Philanthropist family who left their name in the frame

It was only last month that the Sacklers, a family of noted philanthropists, found themselves named in an opioid addiction case for the first time. Several members of the family own and run Purdue Pharma, the maker of Oxycontin, an opioid that has become synonymous with the crisis. The drug is the source of most of the Sacklers’ estimated $13 billion wealth, a fortune that makes them the 19th richest family in America, according to Forbes.
Between 1996 and 2002, Purdue more than doubled its sales force and in 2001 alone spent $200 million marketing and promoting Oxycontin. This helped to push the number of US prescriptions for the drug from 670,000 a year in 1996 to about six million in 2002. One estimate puts total Oxycontin sales at $35 billion.

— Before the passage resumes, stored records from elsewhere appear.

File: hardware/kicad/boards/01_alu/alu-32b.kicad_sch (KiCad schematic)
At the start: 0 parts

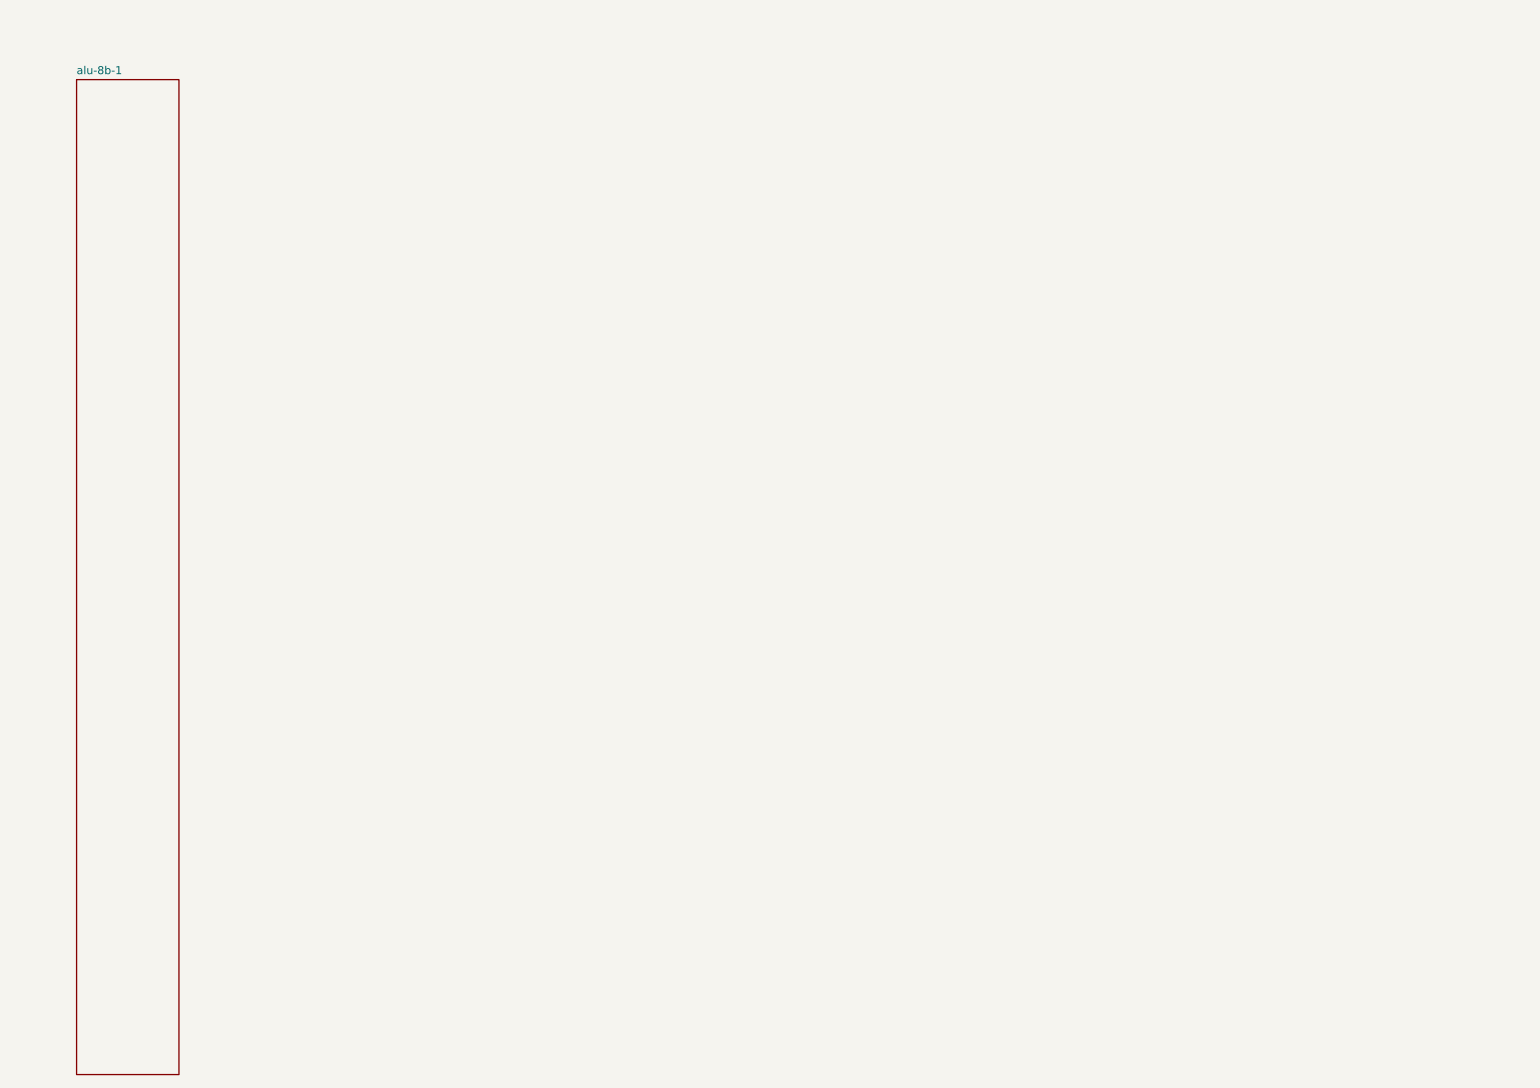
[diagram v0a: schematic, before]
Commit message: feat: designed alu0-control unit and wired on top level of 32b alu
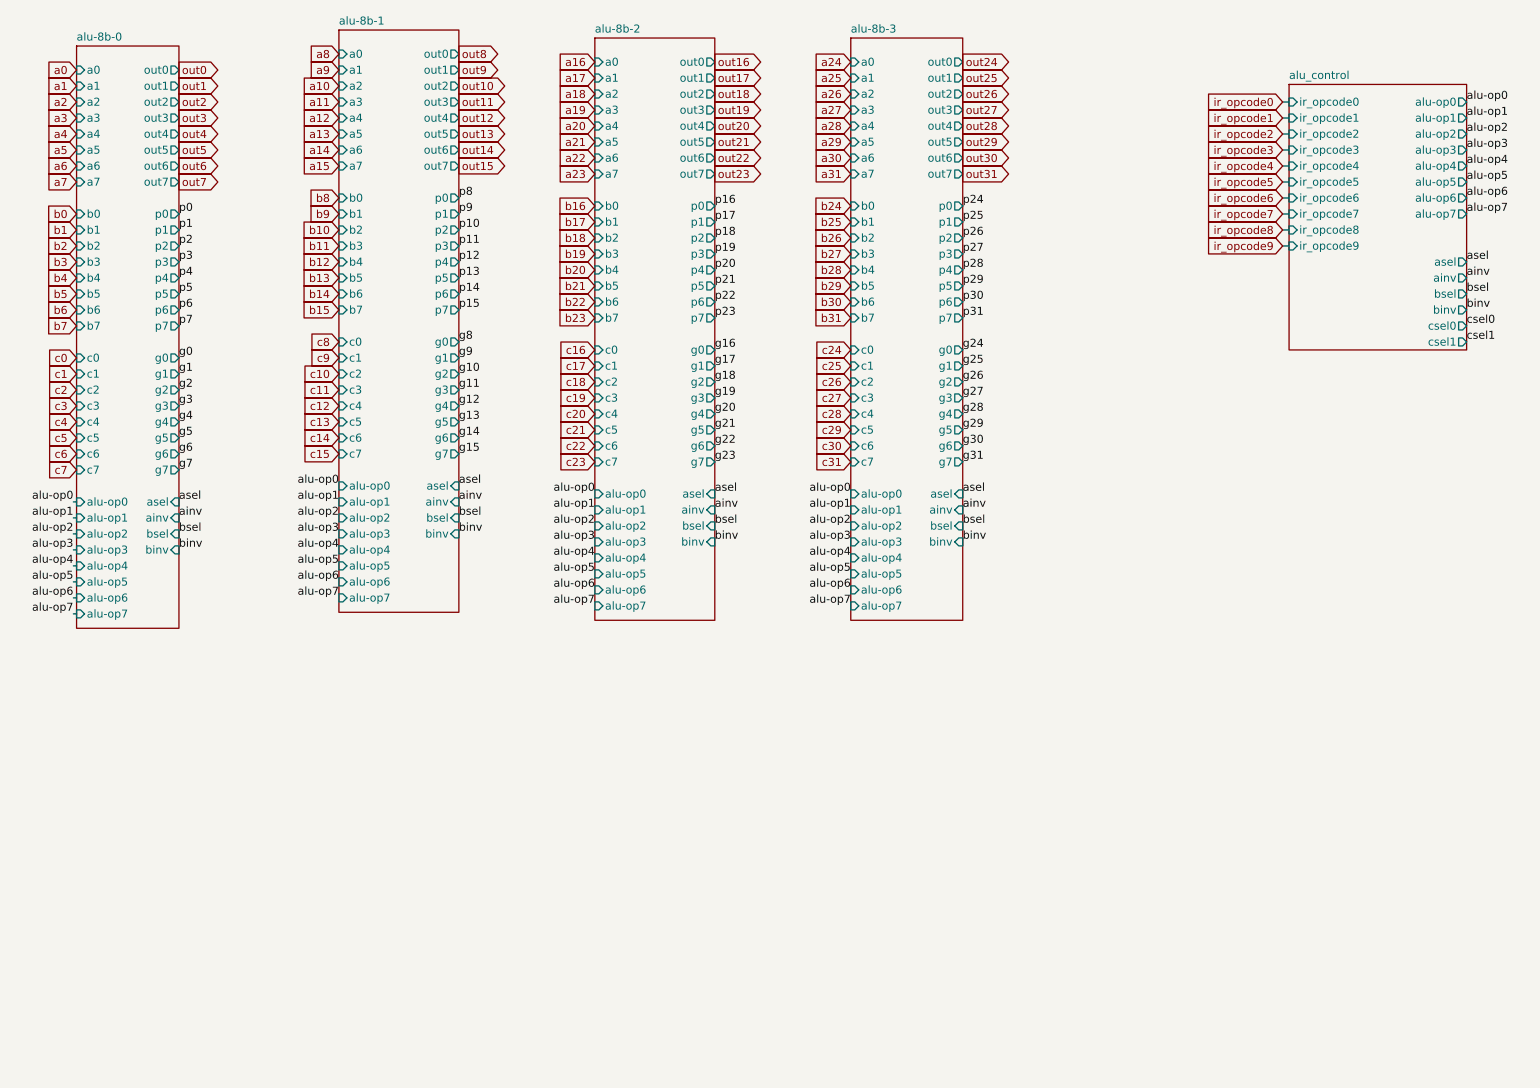
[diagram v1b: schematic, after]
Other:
- added sheet alu-8b-0 (alu-8b.kicad_sch)
- added sheet alu-8b-2 (alu-8b.kicad_sch)
- added sheet alu-8b-3 (alu-8b.kicad_sch)
- added sheet alu_control (alu_control.kicad_sch)
- sheet alu-8b-1 ports: added a0, a1, a2, a3, a4, a5, a6, a7, ainv, alu-op0, alu-op1, alu-op2, alu-op3, alu-op4, alu-op5, alu-op6, alu-op7, asel, b0, b1, b2, b3, b4, b5, b6, b7, binv, bsel, c0, c1, c2, c3, c4, c5, c6, c7, g0, g1, g2, g3, g4, g5, g6, g7, out0, out1, out2, out3, out4, out5, out6, out7, p0, p1, p2, p3, p4, p5, p6, p7; removed none

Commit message: kicad: checkpoint; designed the alu display logic; clock circuit
Added registers for each display to ensure robustness and less worry about debugging screen, keeping focus on the alu board and other components
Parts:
- added C1, C10, C11, C12, C13, C14, C15, C16, C17, C18, C19, C2, C20, C205, C206, C21, C22, C23, C24, C25, C26, C27, C28, C29, C3, C30, C4, C5, C6, C7, C8, C9: 100nF, Capacitor_SMD:C_0805_2012Metric, symbol Device:C
- added J1, J2, J3, J4: Conn_02x16_Odd_Even, Connector_PinHeader_2.54mm:PinHeader_2x16_P2.54mm_Vertical, symbol Connector_Generic:Conn_02x16_Odd_Even
- added J6: Conn_02x07_Odd_Even, Connector_PinHeader_2.54mm:PinHeader_2x07_P2.54mm_Vertical, symbol Connector_Generic:Conn_02x07_Odd_Even
- added U1, U10, U13, U14, U16, U18, U21, U4, U5, U6, U9: 74LS182, Package_DIP:DIP-16_W7.62mm, symbol 74xx:74LS182
- added U11, U12, U19, U2, U20, U27, U3, U7, U8: 74LS540, Package_SO:SOIC-20W_7.5x12.8mm_P1.27mm, symbol 74xx:74LS540
- added U15: 74LS153, Package_SO:SOIC-16_3.9x9.9mm_P1.27mm, symbol 74xx:74LS153
- added U17: 74AHCT1G08, Package_TO_SOT_SMD:SOT-23-5, symbol 74xGxx:74AHCT1G08
- added U205, U206: 74AHC541, Package_SO:SOIC-20W_7.5x12.8mm_P1.27mm, symbol 74xx:74AHC541
- added U22, U28: 74LS377, Package_SO:SOIC-20W_7.5x12.8mm_P1.27mm, symbol 74xx:74LS377
- added U23: 74HC86, Package_SO:SOIC-14_3.9x8.7mm_P1.27mm, symbol 74xx:74HC86
- added U24, U25, U29, U30: 74LS30, Package_SO:SOIC-14_3.9x8.7mm_P1.27mm, symbol 74xx:74LS30
- added U26: 74HCT00, Package_SO:SOIC-14_3.9x8.7mm_P1.27mm, symbol 74xx:74HCT00
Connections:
- net a0: now also J1.1 (Pin_1)
- net a1: now also J1.2 (Pin_2)
- net a10: now also J1.11 (Pin_11)
- net a11: now also J1.12 (Pin_12)
- net a12: now also J1.13 (Pin_13)
- net a13: now also J1.14 (Pin_14)
- net a14: now also J1.15 (Pin_15)
- net a15: now also J1.16 (Pin_16)
- net a16: now also J1.17 (Pin_17)
- net a17: now also J1.18 (Pin_18)
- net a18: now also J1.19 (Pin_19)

Mortimer Sackler with his wife Theresa and daughter Marissa
Mortimer Sackler with his wife Theresa and daughter Marissa

Mortimer and Raymond Sackler, who died in 2010 and 2017, respectively, each served as chief executive of Purdue. Three of Mortimer’s children — Ilene, Kathe and Mortimer Jr — have served on Purdue’s board. Two of Raymond’s children — Jonathan and Richard — and his grandson David also have served as Purdue directors. All six are named in the Massachusetts claim filed in June, as are Theresa Sackler, Mortimer’s wife, and Beverly Sackler, Raymond’s wife.
Philanthropic donations by Sackler family members have given them naming rights at public spaces across the world. In London there is the Serpentine Sackler Gallery in Kensington Gardens and Sackler Studios at Shakespeare’s Globe, among others. In New York there is the Sackler Wing at the Metropolitan Museum of Art and the Sackler Center for Arts Education at the Guggenheim, among others. There is also the Sackler Wing at the Louvre in Paris.
In 2007, Purdue pleaded guilty to federal criminal charges that it had misled regulators, doctors and patients about Oxycontin’s addiction risk. The Massachusetts claim alleges that Purdue continued its misleading marketing after 2007.
Purdue said in February this year that it would stop marketing its opioids to doctors.